-- Try it --
Retype only the lines from the top of the records to the line with "[diagram v3a: schematic, before]", including that line but none of the pictures.

Dataset excerpts
▬▬▬▬▬▬
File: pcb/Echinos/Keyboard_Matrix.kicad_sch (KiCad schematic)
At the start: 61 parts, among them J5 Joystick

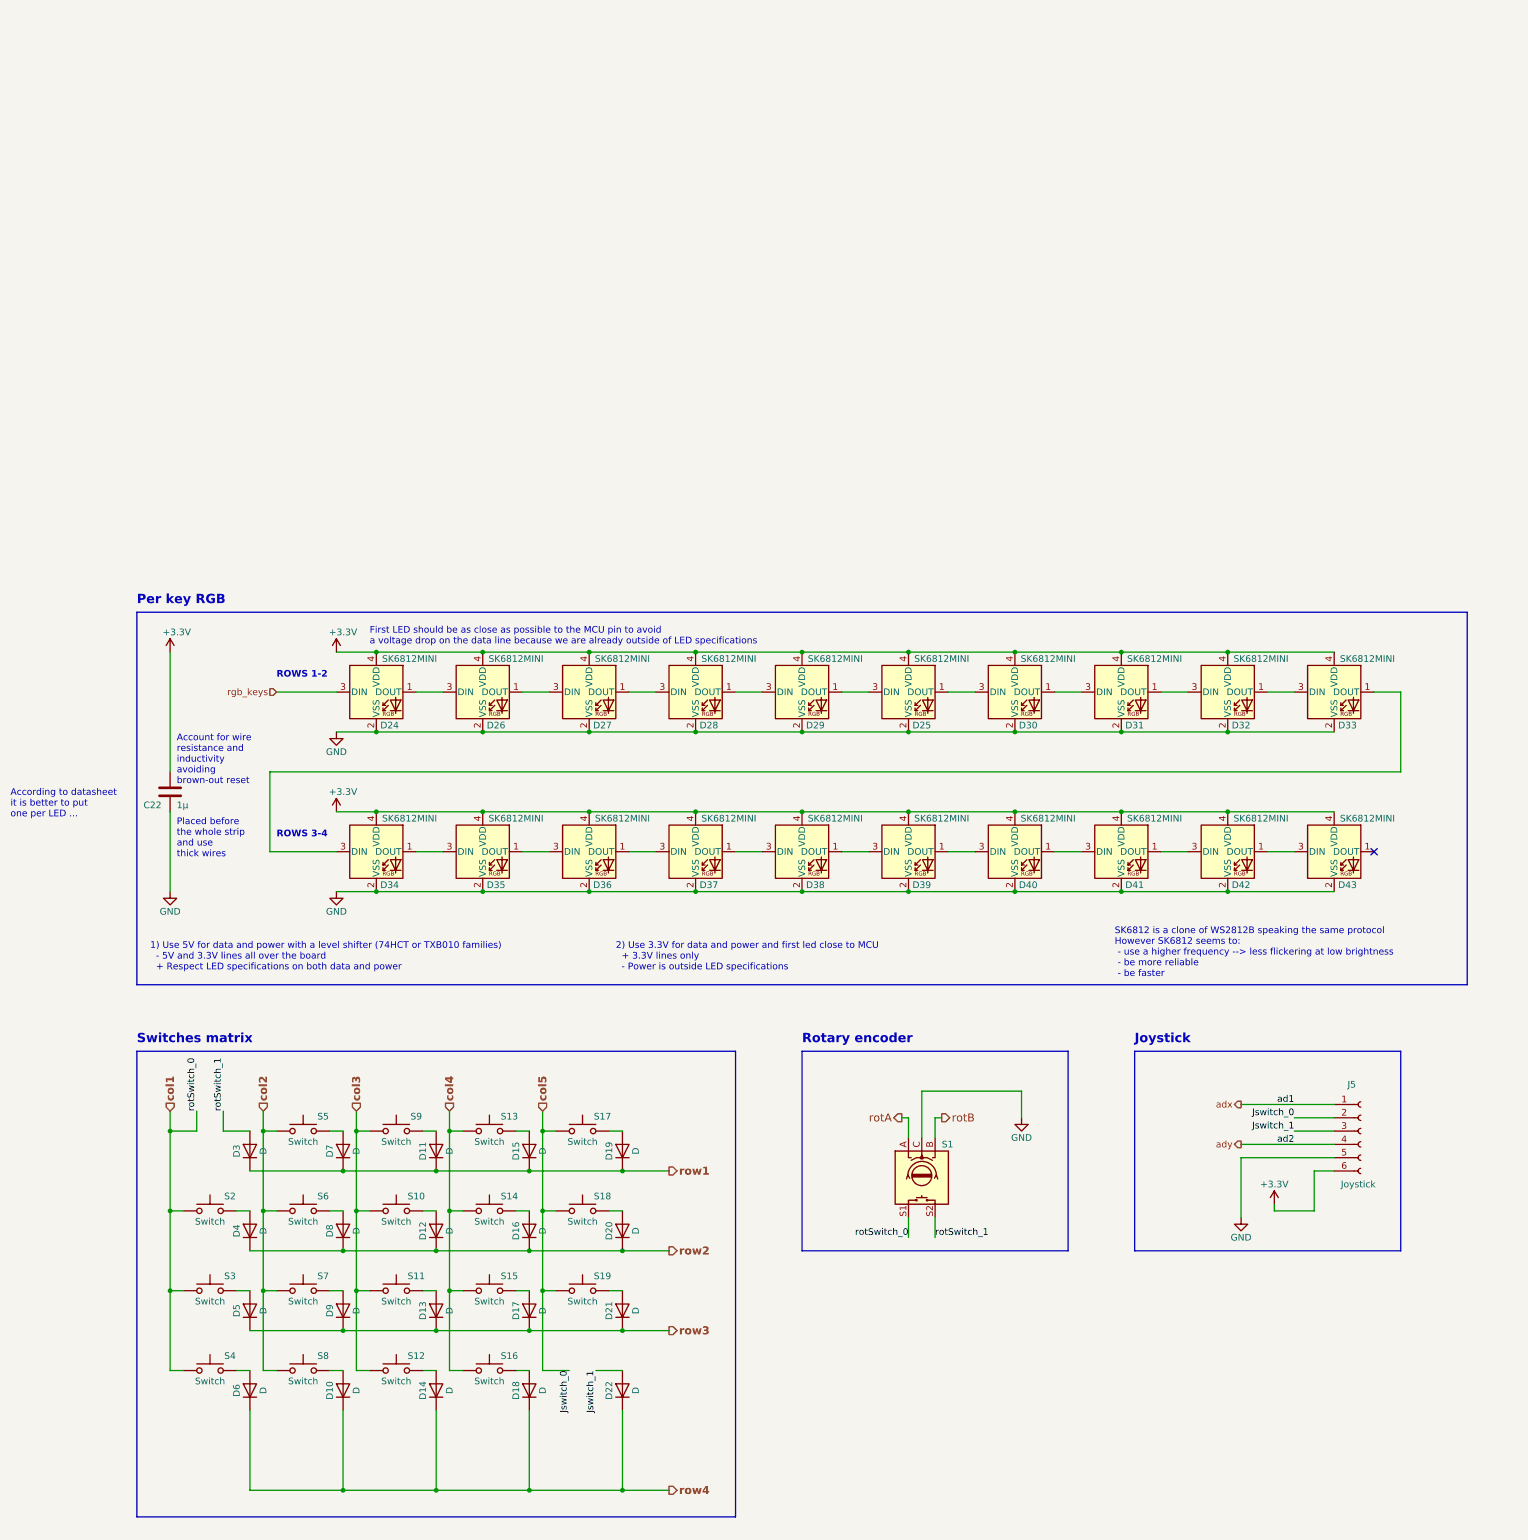
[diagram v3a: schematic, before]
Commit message: ✨ 🐛 ✅ [PCB] - Pass ERC test (exception to unconnected GPIO pins). Fix power symbol assignation to please Kicad. Fix duplicated line name (encoder / joystick) to please Kicad. Add trackball sensor connection documentation. Assign newly created footprints (encoder, joystick, switch).
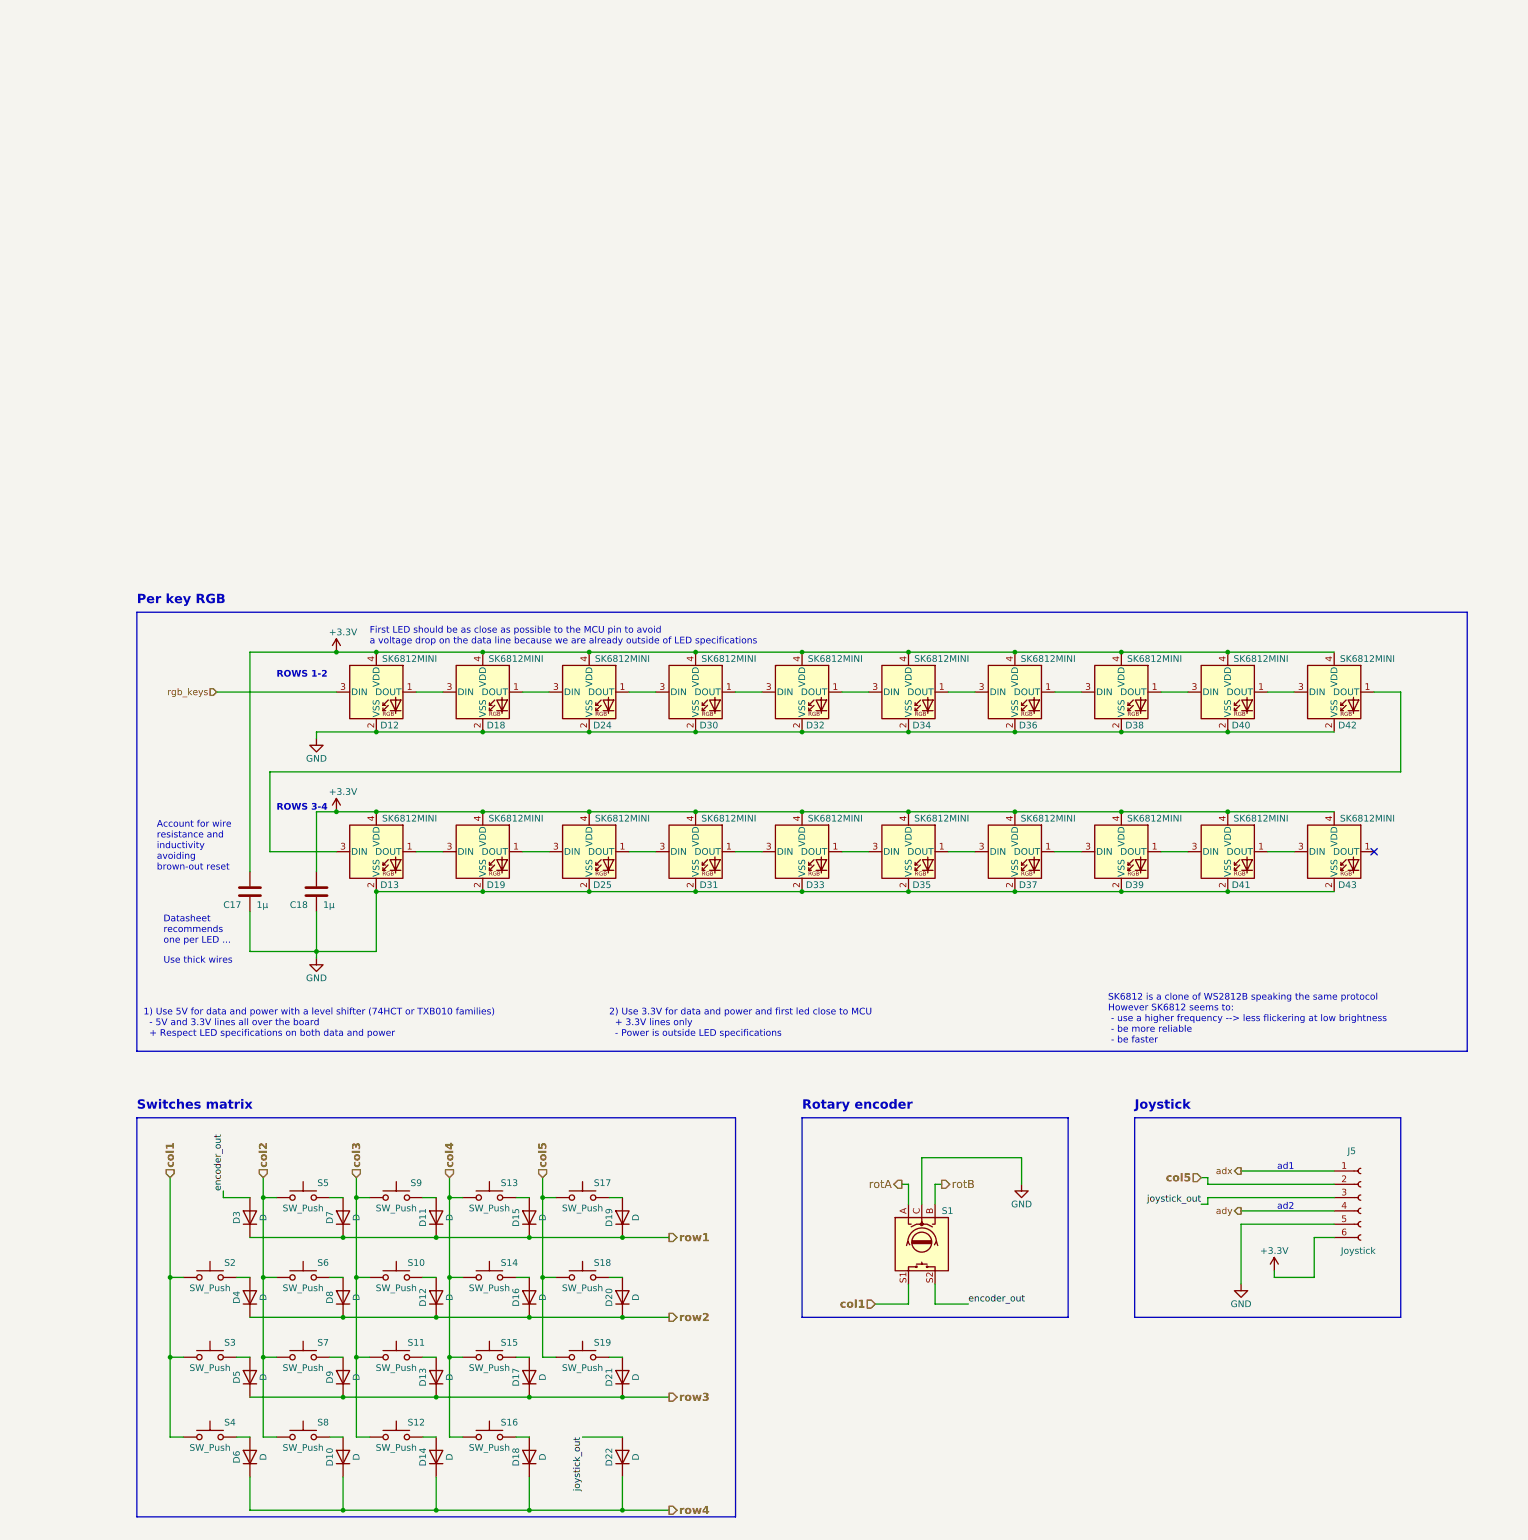
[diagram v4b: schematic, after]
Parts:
- removed C22: 1µ, Capacitor_SMD:C_0402_1005Metric, symbol Device:C
- added C17, C18: 1µ, Capacitor_SMD:C_0402_1005Metric, symbol Device:C
- J5: footprint Fuse:Fuse_0603_1608Metric_Pad1.05x0.95mm_HandSolder -> Echinos:Joystick_KSilver_JP19
- S1: footprint Echinos:PG1350-EVQWGD001 -> Echinos:SW_PG1350_1u_hotswap_EVQWGD001
- S10, S11, S12, S13, S14, S15, S16, S17, S18, S19, S2, S3, S4, S5, S6, S7, S8, S9: value Switch -> SW_Push; footprint Echinos:PG1350_hotswap -> Echinos:SW_PG1350_1u_hotswap
- renumbered D24 to D12, D34 to D13, D26 to D18, D35 to D19, D27 to D24, D36 to D25, D28 to D30, D37 to D31, D29 to D32, D38 to D33, D25 to D34, D39 to D35, D30 to D36, D40 to D37, D31 to D38, D41 to D39, D32 to D40, D42 to D41, D33 to D42
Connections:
- net GND: now also C17.2, C18.2
- net +3V3 renamed +3.3V
- net +3.3V: now also C17.1, C18.1
- net Jswitch_1 renamed joystick_out
- net rotSwitch_1 renamed encoder_out
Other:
- note added: "Datasheet recommends one per LED ..."
- note added: "Use thick wires"
- note added: "ad1"
- note added: "ad2"
- note removed: "According to datasheet it is better to put one per LED ..."
- note removed: "Placed before the whole strip and use thick wires"
- moved on the sheet: D10, D11, D12, D13, D14, D15, D16, D17, D18, D19, D20, D21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

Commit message: ✨ [PCB] - Complete schema and PCB for left halve. All connections are made. Optional encoder on the top outer key Optional joystick on either outer thumb or above middle thumb. Optional power LED (jumpers) SATA to connect both sides VIK compatible (except for 5.0V track) with enough space on the inner side to clip a VIK module Remaining MCU pins exposed with a 2.54mm spaced header All VIK modules are not yet placed / routed.
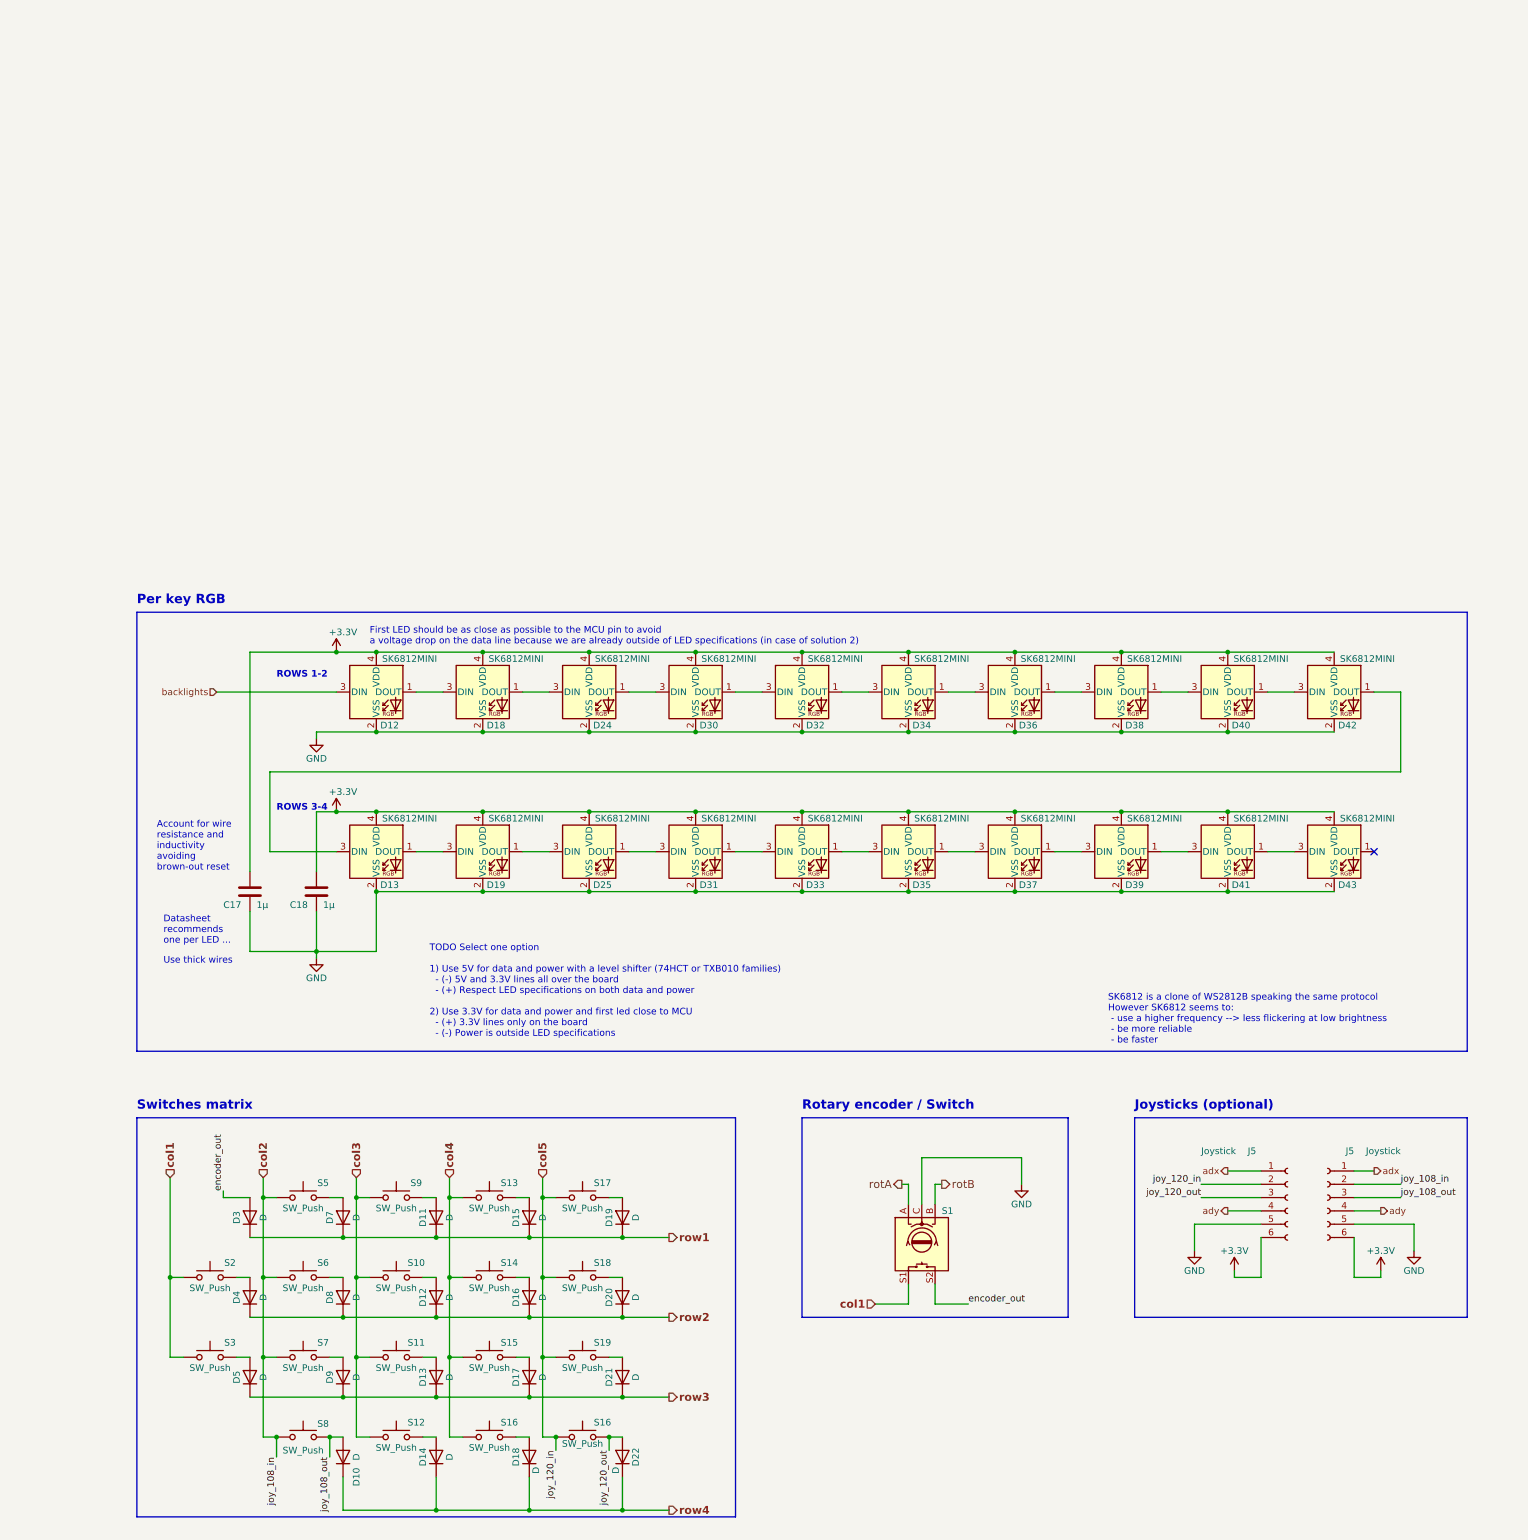
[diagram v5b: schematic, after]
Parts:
- removed D6: D, Echinos:D_SOD-123, symbol Device:D
- removed S4: SW_Push, Echinos:SW_PG1350_1u_hotswap, symbol Switch:SW_Push
- added J5: Joystick, Echinos:Joystick_KSilver_JP19, symbol Connector:Conn_01x06_Socket
- added S16: SW_Push, Echinos:SW_Choc_MX_KS33_1u_hotswap, symbol Switch:SW_Push
- D10, D11, D12, D13, D14, D15, D16, D17, D18, D19, D20, D21, D22, D3, D4, D5, D7, D8, D9: footprint Echinos:D_SOD-123 -> Echinos:D_SOD123
- S1: footprint Echinos:SW_PG1350_1u_hotswap_EVQWGD001 -> Echinos:SW_Choc_MX_KS33_1u_hotswap_EC12E
- S10, S11, S12, S13, S14, S15, S16, S17, S18, S19, S2, S3, S5, S6, S7, S8, S9: footprint Echinos:SW_PG1350_1u_hotswap -> Echinos:SW_Choc_MX_KS33_1u_hotswap
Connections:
- net +3.3V: now also J5.6 (Pin_6)
- net GND: now also J5.5 (Pin_5)
- net adx: now also J5.1 (Pin_1)
- net ady: now also J5.4 (Pin_4)
- net col2: now also J5.2 (Pin_2)
- net col5: now also S16.1
- net joy_108_out: now reaches D10.2 (A), S8.2
- net joy_108_out: now also J5.3 (Pin_3)
- net joystick_out renamed joy_120_out
- net joy_120_out: now also S16.2
- net rgb_keys renamed backlights
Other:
- note added: "First LED should be as close as possible to the MCU pin to avoid a voltage drop on the data line because we are already outside of LED specifications (in case of solution 2)"
- note added: "Joysticks (optional)"
- note added: "Rotary encoder / Switch"
- note added: "TODO Select one option 1) Use 5V for data and power with a level shifter (74HCT or TXB010 families) - (-) 5V and 3.3V lines all over the board - (+) Respect LED specifications on both data and power 2) Use 3.3V for data and power and first led close to MCU - (+) 3.3V lines only on the board - (-) Power is outside LED specifications"
- note removed: "1) Use 5V for data and power with a level shifter (74HCT or TXB010 families) - 5V and 3.3V lines all over the board + Respect LED specifications on both data and power"
- note removed: "2) Use 3.3V for data and power and first led close to MCU + 3.3V lines only - Power is outside LED specifications"
- note removed: "First LED should be as close as possible to the MCU pin to avoid a voltage drop on the data line because we are already outside of LED specifications"
- note removed: "Joystick"
- note removed: "Rotary encoder"
- note removed: "ad1"
- note removed: "ad2"
- moved on the sheet: J5
▬▬▬▬▬▬
-- Output below --
File: pcb/Echinos/Keyboard_Matrix.kicad_sch (KiCad schematic)
At the start: 61 parts, among them J5 Joystick

[diagram v3a: schematic, before]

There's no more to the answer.